Tuesday, September 02, 2003

Objectively Subjective -- In the September issues, both Car and Driver and Road & Track pulled together big comparison tests of high-dollar convertible sports/sporty cars. Makes sense. See how the new Cadillac XLR stacks up agains the rest of the world. No suprise that they gathered the same cars (except, surprisingly, Car and Driver neglected the Maserati Spyder without comment). What's really surprising are the rankings.

Car and Driver (not online yet):
  1. Mercedes SL500

  2. Porsche Carrera 4 Cabriolet

  3. Cadillac XLR

  4. Lexus SC 430

  5. Jaguar XK8
Road & Track:
  1. Porsche 911 Carerra Cabriolet

  2. Cadillac XLR

  3. Jaguar XK8

  4. Mercedes SL500

  5. Lexus SC 430 and Maserati Spyder GT (tied)
What's really interesting is that the obviousness of the test creates an apples-to-apples comparison of the two rating regimes, right after Car and Driver changed their methodology.
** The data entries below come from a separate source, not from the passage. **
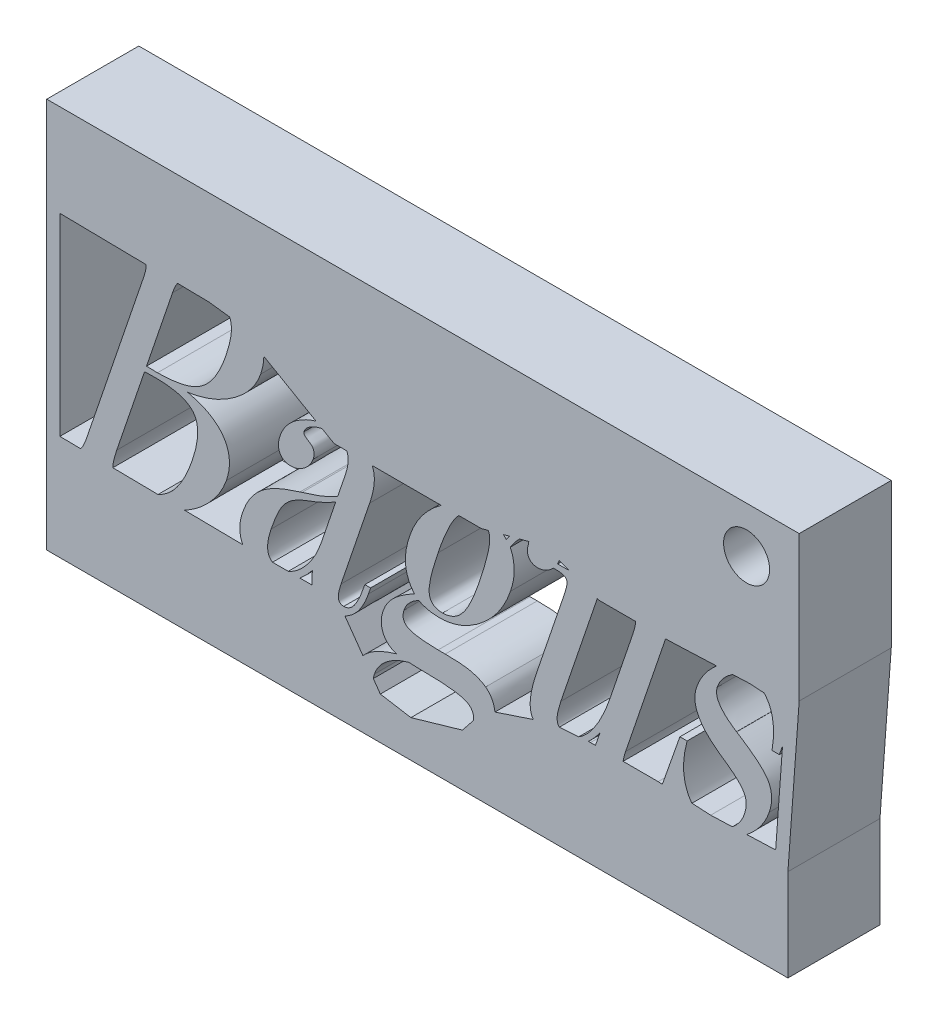
SolidWorks part; units mm, degrees
ref_plane "Front Plane" through (0, 0, 0) normal (0, 0, 1) x (1, 0, 0)
ref_plane "Top Plane" through (0, 0, 0) normal (0, 1, 0) x (1, 0, 0)
ref_plane "Right Plane" through (0, 0, 0) normal (1, 0, 0) x (0, 0, -1)
sketch "Sketch1" plane through (0, 0, 0) normal (0, 0, 1) x (1, 0, 0)
  line L0 (0, 0) -> (54, 0) construction
  text T0 "Bagus" font "Century725 Cn BT" height 16.5
  dimension "D1" = 54
extrude "Boss-Extrude1" add sketch "Sketch1" along normal blind 7
sketch "Sketch2" plane through (0, 0, 0) normal (0, 0, 1) x (1, 0, 0)
  line L3 (12.3987, 16.5) -> (14.68, 16.2138)
  line L4 (14.68, 16.2138) -> (22.1142, 11.9408)
  line L5 (22.1142, 11.9408) -> (32.905, 11.9408)
  line L6 (32.905, 11.9408) -> (37.8611, 13.2434)
  line L7 (37.8611, 13.2434) -> (42.1829, 11.6898)
  line L8 (42.1829, 11.6898) -> (47.3934, 11.6898)
  line L9 (47.3934, 11.6898) -> (53.5198, 11.9408)
  line L10 (53.5198, 11.9408) -> (57.2106, 11.6694)
  line L11 (57.2106, 11.6694) -> (56.3526, 0)
  line L12 (56.3526, 0) -> (50.4702, -0.2171)
  line L13 (50.4702, -0.2171) -> (46.4605, 0)
  line L14 (46.4605, 0) -> (41.3823, 0)
  line L15 (41.3823, 0) -> (38.4853, -0.2171)
  line L16 (38.4853, -0.2171) -> (33.9329, -1.7267)
  line L17 (33.9329, -1.7267) -> (32.1915, -3.9225)
  line L18 (32.1915, -3.9225) -> (27.7488, -5.2105)
  line L19 (27.7488, -5.2105) -> (24.7896, -4.7161)
  line L20 (24.7896, -4.7161) -> (21.5986, -0.2171)
  line L21 (21.5986, -0.2171) -> (16.7239, -0.2171)
  line L22 (16.7239, -0.2171) -> (0, 0)
  line L23 (0, 0) -> (0, 16.6923)
  line L24 (0, 16.6923) -> (12.3987, 16.5)
  line L25 (1, 15.6767) -> (12.3285, 15.501)
  line L26 (12.3285, 15.501) -> (14.356, 15.2466)
  line L27 (14.356, 15.2466) -> (21.8473, 10.9408)
  line L28 (21.8473, 10.9408) -> (33.0342, 10.9408)
  line L29 (33.0342, 10.9408) -> (37.815, 12.1973)
  line L30 (37.815, 12.1973) -> (42.0086, 10.6898)
  line L31 (42.0086, 10.6898) -> (47.4139, 10.6898)
  line L32 (47.4139, 10.6898) -> (53.5036, 10.9393)
  line L33 (53.5036, 10.9393) -> (56.14, 10.7454)
  line L34 (56.14, 10.7454) -> (55.4209, 0.9663)
  line L35 (55.4209, 0.9663) -> (50.4788, 0.7839)
  line L36 (50.4788, 0.7839) -> (46.4876, 1)
  line L37 (46.4876, 1) -> (41.3449, 1)
  line L38 (41.3449, 1) -> (38.2876, 0.7709)
  line L39 (38.2876, 0.7709) -> (33.3348, -0.8714)
  line L40 (33.3348, -0.8714) -> (31.6064, -3.051)
  line L41 (31.6064, -3.051) -> (27.689, -4.1867)
  line L42 (27.689, -4.1867) -> (25.3647, -3.7983)
  line L43 (25.3647, -3.7983) -> (22.1153, 0.7829)
  line L44 (22.1153, 0.7829) -> (16.7304, 0.7829)
  line L45 (16.7304, 0.7829) -> (1, 0.9871)
  line L46 (1, 0.9871) -> (1, 15.6767)
  spline S0 degree 3 poles (12.3987, 16.5) (12.6001, 16.4983) (12.9877, 16.495) (13.5449, 16.4452) (14.0553, 16.3731) (14.5195, 16.2703) (14.9347, 16.1303) (15.305, 15.9656) (15.6279, 15.7685) (15.9014, 15.5392) (16.1314, 15.2842) (16.3004, 14.9938) (16.4265, 14.6801) (16.4958, 14.3379) (16.5153, 13.969) (16.482, 13.5739) (16.4001, 13.1507) (16.3097, 12.8661) (16.2625, 12.7176) knots 0 0 0 0 0.089876 0.172964 0.249493 0.319906 0.384876 0.444743 0.500499 0.553175 0.603606 0.652952 0.702353 0.753933 0.808031 0.866763 0.93052 1 1 1 1 construction
  spline S1 degree 3 poles (33.9329, -1.7267) (33.8859, -1.8534) (33.7923, -2.1059) (33.6017, -2.464) (33.3769, -2.8048) (33.1142, -3.1295) (32.8104, -3.4331) (32.4728, -3.7244) (32.0961, -3.9938) (31.6866, -4.244) (31.2506, -4.4691) (30.7974, -4.6704) (30.3264, -4.837) (29.8407, -4.9708) (29.3409, -5.0826) (28.8234, -5.1535) (28.2914, -5.2049) (27.9309, -5.2086) (27.7488, -5.2105) knots 0 0 0 0 0.05366 0.10693 0.160776 0.215732 0.272615 0.331255 0.392745 0.456486 0.521813 0.587612 0.653423 0.720155 0.787765 0.856787 0.927623 1 1 1 1 construction
  spline S2 degree 3 poles (27.7488, -5.2105) (27.5667, -5.209) (27.2145, -5.2059) (26.7038, -5.1717) (26.2294, -5.1147) (25.79, -5.0365) (25.3837, -4.9411) (25.0137, -4.8141) (24.6768, -4.6698) (24.3766, -4.5045) (24.1184, -4.3194) (23.906, -4.1186) (23.7371, -3.9056) (23.6209, -3.6758) (23.5499, -3.4318) (23.5326, -3.1751) (23.5541, -2.9046) (23.6088, -2.7278) (23.6373, -2.6358) knots 0 0 0 0 0.096201 0.186013 0.270266 0.348548 0.421721 0.490489 0.554972 0.615145 0.671191 0.722322 0.769165 0.814051 0.857544 0.902493 0.949279 1 1 1 1 construction
  dimension "D1" = 1
extrude "Boss-Extrude3" add sketch "Sketch2" along normal blind 7
sketch "Sketch3" plane through (0, 0, 0) normal (0, 0, 1) x (1, 0, 0)
  line L0 (0, 16.6923) -> (0, 22.6923)
  line L1 (57.2106, 11.6694) -> (57.2106, 22.6923)
  line L2 (57.2106, 22.6923) -> (0, 22.6923)
  line L3 (0, 0) -> (0, -7)
  line L4 (56.3526, 0) -> (56.3526, -7)
  line L5 (56.3526, -7) -> (0, -7)
  line L6 (57.2106, 11.6694) -> (53.819, 11.9188) construction
  line L7 (53.5198, 11.9408) -> (53.819, 11.9188) construction
  line L8 (53.5198, 11.9408) -> (53.4045, 11.9361) construction
  line L9 (53.4045, 11.9361) -> (47.3934, 11.6898) construction
  line L10 (47.3934, 11.6898) -> (42.1829, 11.6898) construction
  line L11 (42.1829, 11.6898) -> (38.7828, 12.9121) construction
  line L12 (36.7847, 12.9605) -> (32.905, 11.9408) construction
  line L13 (12.3987, 16.5) -> (0, 16.6923) construction
  line L14 (22.1142, 11.9408) -> (15.9405, 15.4893) construction
  line L15 (32.905, 11.9408) -> (22.1142, 11.9408) construction
  line L16 (57.2106, 11.6694) -> (53.819, 11.9188)
  line L17 (53.5198, 11.9408) -> (53.819, 11.9188)
  line L18 (53.5198, 11.9408) -> (53.4045, 11.9361)
  line L19 (53.4045, 11.9361) -> (47.3934, 11.6898)
  line L20 (47.3934, 11.6898) -> (42.1829, 11.6898)
  line L21 (42.1829, 11.6898) -> (38.7828, 12.9121)
  line L22 (36.7847, 12.9605) -> (32.905, 11.9408)
  line L23 (12.3987, 16.5) -> (0, 16.6923)
  line L24 (22.1142, 11.9408) -> (15.9405, 15.4893)
  line L25 (32.905, 11.9408) -> (22.1142, 11.9408)
  line L26 (50.4702, -0.2171) -> (50.6469, -0.2106) construction
  line L27 (50.6469, -0.2106) -> (56.3526, 0) construction
  line L28 (50.4702, -0.2171) -> (50.0665, -0.1952) construction
  line L29 (46.4605, 0) -> (50.0665, -0.1952) construction
  line L30 (41.3823, 0) -> (46.4605, 0) construction
  line L31 (38.4853, -0.2171) -> (38.9141, -0.185) construction
  line L32 (38.9141, -0.185) -> (41.3823, 0) construction
  line L33 (33.9329, -1.7267) -> (38.4853, -0.2171) construction
  line L34 (21.5986, -0.2171) -> (23.5531, -2.9728) construction
  line L35 (16.7239, -0.2171) -> (21.5986, -0.2171) construction
  line L36 (0, 0) -> (16.7239, -0.2171) construction
  line L37 (50.4702, -0.2171) -> (50.6469, -0.2106)
  line L38 (50.6469, -0.2106) -> (56.3526, 0)
  line L39 (50.4702, -0.2171) -> (50.0665, -0.1952)
  line L40 (46.4605, 0) -> (50.0665, -0.1952)
  line L41 (41.3823, 0) -> (46.4605, 0)
  line L42 (38.4853, -0.2171) -> (38.9141, -0.185)
  line L43 (38.9141, -0.185) -> (41.3823, 0)
  line L44 (33.9329, -1.7267) -> (38.4853, -0.2171)
  line L45 (21.5986, -0.2171) -> (23.5531, -2.9728)
  line L46 (16.7239, -0.2171) -> (21.5986, -0.2171)
  line L47 (0, 0) -> (16.7239, -0.2171)
  spline S0 degree 3 poles (406.5484, 2990.3484) (18.4534, -35.1851) (31.8067, 15.0212) (38.4528, 13.151) (45.4414, 9.2122) (-16.4855, -81.6339) (-317.4523, 2990.9442) knots -8.83486 -8.83486 -8.83486 -8.83486 0.145411 0.272373 0.390617 10.823226 10.823226 10.823226 10.823226 only from (37.8611, 13.2434) to (38.7828, 12.9121) construction
  spline S1 degree 3 poles (2985.5577, 528.0002) (76.7031, -189.2161) (18.0184, 7.5651) (44.6495, 15.3043) (59.9532, -35.1063) (-385.8882, 2982.8795) knots -15.251034 -15.251034 -15.251034 -15.251034 0.796856 0.900964 6.979356 6.979356 6.979356 6.979356 only from (36.7847, 12.9605) to (37.8611, 13.2434) construction
  spline S2 degree 3 poles (96.2595, 3015.0661) (-17.715, -25.5929) (-1.2271, 17.7664) (13.5449, 16.4452) (14.0553, 16.3731) (14.5195, 16.2703) (14.9347, 16.1303) (15.305, 15.9656) (15.6279, 15.7685) (23.2829, 9.3523) (-9.0527, -39.9679) (-2821.0788, -958.6914) knots -6.365365 -6.365365 -6.365365 -6.365365 0.089876 0.172964 0.249493 0.319906 0.384876 0.444743 0.500499 0.553175 4.89089 4.89089 4.89089 4.89089 only from (12.3987, 16.5) to (15.9405, 15.4893) construction
  spline S3 degree 3 poles (37.8611, 13.2434) (37.9691, 13.2388) (38.1714, 13.2301) (38.4528, 13.151) (38.6538, 13.0377) (38.7516, 12.9459) (38.7828, 12.9121) knots 0 0 0 0 0.145411 0.272373 0.390617 0.452476 0.452476 0.452476 0.452476
  spline S4 degree 3 poles (36.7847, 12.9605) (36.8937, 13.0166) (37.1246, 13.1175) (37.4864, 13.2226) (37.7383, 13.2366) (37.8611, 13.2434) knots 0.697926 0.697926 0.697926 0.697926 0.796856 0.900964 1 1 1 1
  spline S5 degree 3 poles (12.3987, 16.5) (12.6001, 16.4983) (12.9877, 16.495) (13.5449, 16.4452) (14.0553, 16.3731) (14.5195, 16.2703) (14.9347, 16.1303) (15.305, 15.9656) (15.6279, 15.7685) (15.8293, 15.5997) (15.927, 15.503) (15.9405, 15.4893) knots 0 0 0 0 0.089876 0.172964 0.249493 0.319906 0.384876 0.444743 0.500499 0.553175 0.561723 0.561723 0.561723 0.561723
  spline S6 degree 3 poles (2798.0597, -1167.3204) (0.4958, 32.9074) (38.1868, 6.1488) (33.6017, -2.464) (33.3769, -2.8048) (33.1142, -3.1295) (32.8104, -3.4331) (32.4728, -3.7244) (32.0961, -3.9938) (31.6866, -4.244) (31.2506, -4.4691) (30.7974, -4.6704) (30.3264, -4.837) (29.8407, -4.9708) (29.3409, -5.0826) (28.8234, -5.1535) (15.1646, -6.4741) (-0.4815, 35.9414) (136.3124, -3003.0103) knots -3.706332 -3.706332 -3.706332 -3.706332 0.05366 0.10693 0.160776 0.215732 0.272615 0.331255 0.392745 0.456486 0.521813 0.587612 0.653423 0.720155 0.787765 0.856787 0.927623 6.237221 6.237221 6.237221 6.237221 only from (33.9329, -1.7267) to (27.7488, -5.2105) construction
  spline S7 degree 3 poles (-18.9804, -3004.5685) (58.4581, 31.2217) (42.0748, -6.2014) (26.7038, -5.1717) (26.2294, -5.1147) (25.79, -5.0365) (25.3837, -4.9411) (25.0137, -4.8141) (24.6768, -4.6698) (24.3766, -4.5045) (24.1184, -4.3194) (23.906, -4.1186) (23.7371, -3.9056) (23.6209, -3.6758) (23.5499, -3.4318) (22.9639, 5.2685) (85.0074, 14.1171) (2490.7603, -1708.6683) knots -7.864143 -7.864143 -7.864143 -7.864143 0.096201 0.186013 0.270266 0.348548 0.421721 0.490489 0.554972 0.615145 0.671191 0.722322 0.769165 0.814051 0.857544 0.902493 5.39785 5.39785 5.39785 5.39785 only from (27.7488, -5.2105) to (23.5531, -2.9728) construction
  spline S8 degree 3 poles (33.9329, -1.7267) (33.8859, -1.8534) (33.7923, -2.1059) (33.6017, -2.464) (33.3769, -2.8048) (33.1142, -3.1295) (32.8104, -3.4331) (32.4728, -3.7244) (32.0961, -3.9938) (31.6866, -4.244) (31.2506, -4.4691) (30.7974, -4.6704) (30.3264, -4.837) (29.8407, -4.9708) (29.3409, -5.0826) (28.8234, -5.1535) (28.2914, -5.2049) (27.9309, -5.2086) (27.7488, -5.2105) knots 0 0 0 0 0.05366 0.10693 0.160776 0.215732 0.272615 0.331255 0.392745 0.456486 0.521813 0.587612 0.653423 0.720155 0.787765 0.856787 0.927623 1 1 1 1
  spline S9 degree 3 poles (27.7488, -5.2105) (27.5667, -5.209) (27.2145, -5.2059) (26.7038, -5.1717) (26.2294, -5.1147) (25.79, -5.0365) (25.3837, -4.9411) (25.0137, -4.8141) (24.6768, -4.6698) (24.3766, -4.5045) (24.1184, -4.3194) (23.906, -4.1186) (23.7371, -3.9056) (23.6209, -3.6758) (23.5499, -3.4318) (23.5339, -3.195) (23.5436, -3.0408) (23.5531, -2.9728) knots 0 0 0 0 0.096201 0.186013 0.270266 0.348548 0.421721 0.490489 0.554972 0.615145 0.671191 0.722322 0.769165 0.814051 0.857544 0.902493 0.938777 0.938777 0.938777 0.938777
  dimension "D1" = 6
  dimension "D2" = 7
extrude "Boss-Extrude4" add sketch "Sketch3" along normal blind 7
sketch "Sketch4" plane through (0, 0, 7) normal (0, 0, 1) x (1, 0, 0)
  line L0 (57.2106, 11.6694) -> (57.2106, 22.6923) construction
  line L1 (57.2106, 22.6923) -> (0, 22.6923) construction
  circle A0 centre (53.2106, 19.1923) radius 1.75
  dimension "D3" = 3.5
  dimension "D1" = 4
  dimension "D2" = 3.5
extrude "Cut-Extrude1" cut sketch "Sketch4" against normal through all

The Car and Driver comparo is the first using its new ranking system, a system that actually tallies the scores from "the objective and subjective categories to produce an overall point total that will determine the finishing order" instead of the old system in which "final scores are determined independently of the individual ratings." Downshift wonders if they have the weighting quite right.

In any case, there's clearly a meaningful difference in what matters to the two magazines.
No kidding -- You're going to have to trust us on this one, but Downshift has been planning a post on the new VW Touareg, about how cool it is (despite its being a truck-based ute, and one of particularly weighty weight), and how the family Downshift might just have to get an Airstream International CCD to justify buying a Touareg. (Yes, Downshift knows that the Airstream figures in the Touareg ad campaign. We thought of the Airstream independently.)

Here's the zippy closing line we had planned: Now that they've shown the world what they can do in the luxury-ute category, we'd love to see what the VW product wizards can do in a cute-ute aimed at the Jetta crowd. Call it the New Thing.

Turns out, Downshift and VW share the same wavelength. They are going to build a "rugged-looking Golf-based off-roader." (The article is about a Boxster-fighter, more on that in another post, but scroll down to the seventh paragraph for a tease about the coming ute.)

Downshift's still first out of the gates with the "New Thing" crack.